# Fashion hit or fashion miss?



## Aprill (Mar 13, 2007)

Kylie Minogue


----------



## daer0n (Mar 13, 2007)

Fashion miss 

she looks years older!


----------



## jewele (Mar 13, 2007)

That's a big freakin miss!!! It's too baggy and bulky on her.


----------



## bluebird26 (Mar 13, 2007)

It seems she just came from a funeral (she just needs a sad face)


----------



## Ashley (Mar 13, 2007)

Miss!


----------



## StereoXGirl (Mar 14, 2007)

Miss. It's just too over the top.


----------



## Retro-Violet (Mar 14, 2007)

i like it. its something i would wear too.


----------



## SimplyElegant (Mar 14, 2007)

Huge miss to me.


----------



## WhitneyF (Mar 14, 2007)

Definite miss.


----------



## usersassychick0 (Mar 14, 2007)

MISS! i don't understand half of what celebrites wear!


----------



## CellyCell (Mar 14, 2007)

It missed so hard it went off the cliff.


----------



## Kathy (Mar 14, 2007)

I have to say miss!

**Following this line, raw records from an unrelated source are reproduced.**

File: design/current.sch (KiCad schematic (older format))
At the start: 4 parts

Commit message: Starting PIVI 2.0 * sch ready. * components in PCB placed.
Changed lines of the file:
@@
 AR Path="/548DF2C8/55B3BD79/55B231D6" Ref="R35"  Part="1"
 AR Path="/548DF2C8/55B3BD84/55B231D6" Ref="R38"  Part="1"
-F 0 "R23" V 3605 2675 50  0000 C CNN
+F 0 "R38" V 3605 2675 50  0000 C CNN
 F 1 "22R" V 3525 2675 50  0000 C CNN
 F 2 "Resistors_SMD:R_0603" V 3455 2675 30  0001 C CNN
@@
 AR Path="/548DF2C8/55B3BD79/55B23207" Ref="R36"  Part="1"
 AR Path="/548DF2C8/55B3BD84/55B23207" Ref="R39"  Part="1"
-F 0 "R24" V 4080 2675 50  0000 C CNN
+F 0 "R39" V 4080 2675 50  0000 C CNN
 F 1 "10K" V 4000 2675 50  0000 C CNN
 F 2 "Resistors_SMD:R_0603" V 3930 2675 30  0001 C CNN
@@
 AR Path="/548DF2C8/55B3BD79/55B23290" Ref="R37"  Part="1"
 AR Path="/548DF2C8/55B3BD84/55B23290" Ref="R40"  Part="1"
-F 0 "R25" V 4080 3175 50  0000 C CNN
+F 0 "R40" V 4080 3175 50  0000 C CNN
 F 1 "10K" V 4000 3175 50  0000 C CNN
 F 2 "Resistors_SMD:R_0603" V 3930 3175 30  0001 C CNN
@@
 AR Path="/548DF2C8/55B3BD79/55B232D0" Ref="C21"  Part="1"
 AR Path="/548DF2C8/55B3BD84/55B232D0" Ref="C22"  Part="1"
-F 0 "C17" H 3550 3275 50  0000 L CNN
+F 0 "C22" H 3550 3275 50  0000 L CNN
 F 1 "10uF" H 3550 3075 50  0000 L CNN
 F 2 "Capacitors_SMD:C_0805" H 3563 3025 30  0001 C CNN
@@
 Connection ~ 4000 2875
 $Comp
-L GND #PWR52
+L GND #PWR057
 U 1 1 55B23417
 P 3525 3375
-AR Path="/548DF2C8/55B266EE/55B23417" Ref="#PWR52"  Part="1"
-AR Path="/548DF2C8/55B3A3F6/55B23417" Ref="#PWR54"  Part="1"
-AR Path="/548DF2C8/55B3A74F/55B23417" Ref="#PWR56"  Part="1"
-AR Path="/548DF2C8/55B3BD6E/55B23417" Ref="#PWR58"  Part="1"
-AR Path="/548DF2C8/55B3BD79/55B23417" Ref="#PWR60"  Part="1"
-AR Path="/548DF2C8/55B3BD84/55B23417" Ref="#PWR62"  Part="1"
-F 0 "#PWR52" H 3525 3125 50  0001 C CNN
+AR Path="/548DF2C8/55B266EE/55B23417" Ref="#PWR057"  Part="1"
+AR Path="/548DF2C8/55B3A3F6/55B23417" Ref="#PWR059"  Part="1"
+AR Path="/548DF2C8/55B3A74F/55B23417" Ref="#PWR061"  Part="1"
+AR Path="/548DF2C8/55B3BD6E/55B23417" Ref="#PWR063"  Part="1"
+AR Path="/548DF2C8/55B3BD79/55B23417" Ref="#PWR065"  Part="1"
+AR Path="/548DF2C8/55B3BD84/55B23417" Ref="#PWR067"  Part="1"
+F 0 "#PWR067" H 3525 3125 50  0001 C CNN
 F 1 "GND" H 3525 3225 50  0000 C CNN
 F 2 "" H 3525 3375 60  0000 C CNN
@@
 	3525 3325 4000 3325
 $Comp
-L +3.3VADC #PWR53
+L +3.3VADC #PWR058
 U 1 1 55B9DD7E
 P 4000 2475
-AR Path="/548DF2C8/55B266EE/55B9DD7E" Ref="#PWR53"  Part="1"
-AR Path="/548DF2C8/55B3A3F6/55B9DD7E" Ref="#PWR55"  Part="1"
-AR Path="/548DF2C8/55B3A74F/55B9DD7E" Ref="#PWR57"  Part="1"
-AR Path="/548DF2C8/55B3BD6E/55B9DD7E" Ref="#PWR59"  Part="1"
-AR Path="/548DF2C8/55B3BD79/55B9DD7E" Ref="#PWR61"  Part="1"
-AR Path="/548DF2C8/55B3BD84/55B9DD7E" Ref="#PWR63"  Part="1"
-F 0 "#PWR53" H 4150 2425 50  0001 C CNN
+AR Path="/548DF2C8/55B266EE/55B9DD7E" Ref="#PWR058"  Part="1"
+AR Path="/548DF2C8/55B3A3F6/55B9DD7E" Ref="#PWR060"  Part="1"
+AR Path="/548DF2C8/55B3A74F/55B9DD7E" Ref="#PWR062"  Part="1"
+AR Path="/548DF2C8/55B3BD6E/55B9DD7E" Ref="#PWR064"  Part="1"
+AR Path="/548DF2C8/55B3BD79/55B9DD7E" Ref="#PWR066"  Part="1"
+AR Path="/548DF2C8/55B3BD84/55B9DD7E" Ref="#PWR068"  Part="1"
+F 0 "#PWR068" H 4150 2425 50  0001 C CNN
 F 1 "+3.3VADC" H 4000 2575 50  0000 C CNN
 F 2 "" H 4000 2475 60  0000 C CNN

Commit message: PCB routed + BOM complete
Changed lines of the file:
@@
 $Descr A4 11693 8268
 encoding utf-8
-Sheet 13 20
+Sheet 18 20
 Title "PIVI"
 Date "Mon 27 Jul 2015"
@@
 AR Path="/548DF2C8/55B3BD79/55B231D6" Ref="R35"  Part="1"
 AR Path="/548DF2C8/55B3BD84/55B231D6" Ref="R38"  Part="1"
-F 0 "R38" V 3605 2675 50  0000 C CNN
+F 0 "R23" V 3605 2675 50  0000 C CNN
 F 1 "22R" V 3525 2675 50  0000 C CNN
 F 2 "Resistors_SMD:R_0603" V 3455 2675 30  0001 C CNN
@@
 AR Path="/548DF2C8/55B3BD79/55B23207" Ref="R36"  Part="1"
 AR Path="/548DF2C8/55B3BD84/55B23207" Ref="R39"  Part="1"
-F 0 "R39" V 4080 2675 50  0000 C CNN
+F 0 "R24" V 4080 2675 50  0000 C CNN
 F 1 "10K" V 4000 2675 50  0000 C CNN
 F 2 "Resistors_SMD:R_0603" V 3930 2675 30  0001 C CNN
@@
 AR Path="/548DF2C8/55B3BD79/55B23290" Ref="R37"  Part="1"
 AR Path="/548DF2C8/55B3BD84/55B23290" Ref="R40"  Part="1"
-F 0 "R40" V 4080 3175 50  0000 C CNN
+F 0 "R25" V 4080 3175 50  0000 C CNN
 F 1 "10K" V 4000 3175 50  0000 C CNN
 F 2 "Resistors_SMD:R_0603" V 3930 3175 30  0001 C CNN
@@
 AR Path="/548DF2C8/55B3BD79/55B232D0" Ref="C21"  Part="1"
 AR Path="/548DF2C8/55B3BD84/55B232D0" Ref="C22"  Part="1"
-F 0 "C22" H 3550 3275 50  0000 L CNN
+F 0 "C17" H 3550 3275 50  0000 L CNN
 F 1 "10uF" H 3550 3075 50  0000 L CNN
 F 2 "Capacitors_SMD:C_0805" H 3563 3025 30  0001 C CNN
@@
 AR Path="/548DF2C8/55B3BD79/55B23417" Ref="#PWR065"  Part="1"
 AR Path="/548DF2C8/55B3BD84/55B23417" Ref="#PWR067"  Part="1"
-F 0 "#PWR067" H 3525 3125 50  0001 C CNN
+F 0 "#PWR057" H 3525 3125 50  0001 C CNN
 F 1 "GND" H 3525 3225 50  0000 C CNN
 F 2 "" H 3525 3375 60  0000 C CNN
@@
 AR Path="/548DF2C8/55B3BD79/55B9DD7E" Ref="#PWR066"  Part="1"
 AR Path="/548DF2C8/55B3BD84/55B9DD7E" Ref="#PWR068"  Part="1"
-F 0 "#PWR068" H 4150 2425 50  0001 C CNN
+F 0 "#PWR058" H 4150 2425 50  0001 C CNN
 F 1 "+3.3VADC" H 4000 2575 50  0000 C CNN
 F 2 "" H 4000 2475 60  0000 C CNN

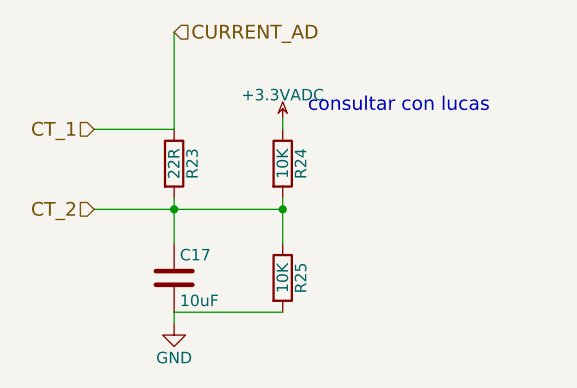
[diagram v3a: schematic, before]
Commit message: Fix #7, Fix #8, Fix #9, Fix #10, Fix #11
Several fixes improvements:
* Fix #7: Add 2mm idle to each side of the connector.
* Fix #8: Add 0.25mm to each side of the connector.
* Fix #9: Mirror component. Checked with the datasheet.
* Fix #10: correct label name.
* Fix #11: Changed the terminal block for one with a better mouting system.

Also check the Raspberry pi 20 pin header. It is place in the correct position.
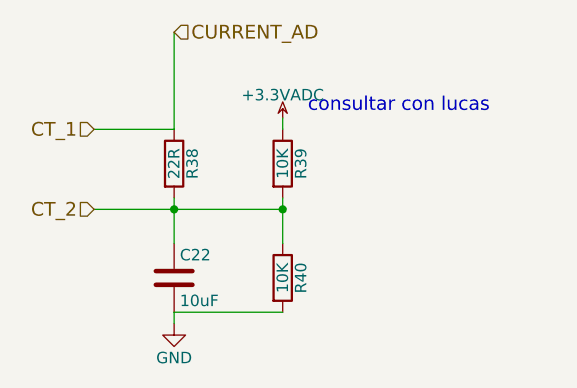
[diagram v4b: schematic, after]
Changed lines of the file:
@@
 AR Path="/548DF2C8/55B3BD79/55B231D6" Ref="R35"  Part="1"
 AR Path="/548DF2C8/55B3BD84/55B231D6" Ref="R38"  Part="1"
-F 0 "R23" V 3605 2675 50  0000 C CNN
+F 0 "R38" V 3605 2675 50  0000 C CNN
 F 1 "22R" V 3525 2675 50  0000 C CNN
 F 2 "Resistors_SMD:R_0603" V 3455 2675 30  0001 C CNN
@@
 AR Path="/548DF2C8/55B3BD79/55B23207" Ref="R36"  Part="1"
 AR Path="/548DF2C8/55B3BD84/55B23207" Ref="R39"  Part="1"
-F 0 "R24" V 4080 2675 50  0000 C CNN
+F 0 "R39" V 4080 2675 50  0000 C CNN
 F 1 "10K" V 4000 2675 50  0000 C CNN
 F 2 "Resistors_SMD:R_0603" V 3930 2675 30  0001 C CNN
@@
 AR Path="/548DF2C8/55B3BD79/55B23290" Ref="R37"  Part="1"
 AR Path="/548DF2C8/55B3BD84/55B23290" Ref="R40"  Part="1"
-F 0 "R25" V 4080 3175 50  0000 C CNN
+F 0 "R40" V 4080 3175 50  0000 C CNN
 F 1 "10K" V 4000 3175 50  0000 C CNN
 F 2 "Resistors_SMD:R_0603" V 3930 3175 30  0001 C CNN
@@
 AR Path="/548DF2C8/55B3BD79/55B232D0" Ref="C21"  Part="1"
 AR Path="/548DF2C8/55B3BD84/55B232D0" Ref="C22"  Part="1"
-F 0 "C17" H 3550 3275 50  0000 L CNN
+F 0 "C22" H 3550 3275 50  0000 L CNN
 F 1 "10uF" H 3550 3075 50  0000 L CNN
 F 2 "Capacitors_SMD:C_0805" H 3563 3025 30  0001 C CNN

Too frumpy looking.


----------



## luxotika (Mar 14, 2007)

I would say a miss. Too velour looking to me!


----------



## MissMissy (Mar 14, 2007)

Miss!!!


----------



## Jennifer (Mar 14, 2007)

that is really ugly. i would never.


----------



## anne7 (Mar 14, 2007)

MISS. She looks like a lumpy dumpy school marm.


----------



## pinksugar (Mar 14, 2007)

miss. WTF is with that bow? the boots are hot, and the dress is alright, but they don't go together at all. And that bow looks retarded :$


----------



## daer0n (Mar 14, 2007)

LOL!!


----------



## beautynista (Mar 14, 2007)

Definitely a miss! :tocktock: :tocktock:


----------



## magosienne (Mar 14, 2007)

ewww ! what was she thinking ? :tocktock:


----------



## Kookie-for-COCO (Mar 14, 2007)

Definite miss


----------



## Sonia_K (Mar 14, 2007)

Miss. I don't like the dress or the accessories.


----------



## Sarah84 (Mar 14, 2007)

certainly not something i'd wear


----------



## flychick767 (Mar 14, 2007)

Maybe for your 80 year old grandmother.


----------



## EyeCandyDiva (Mar 14, 2007)

That is CLEARLY a fashion miss...:-(


----------



## Ricci (Mar 14, 2007)

ack!!!!!


----------



## XkrissyX (Mar 14, 2007)

haHAHAHAH...my grandma wears better clothes than!.hah


----------



## daer0n (Mar 14, 2007)

LMAO!! you're so funny Krissy :rotfl:


----------



## meganwku22486 (Mar 14, 2007)

ew, miss. it looks like one of those ugly blue velvet couches.


----------



## TheOpenRoad (Mar 14, 2007)

Miss.







What happened to THIS Kylie?


----------



## Bea (Mar 14, 2007)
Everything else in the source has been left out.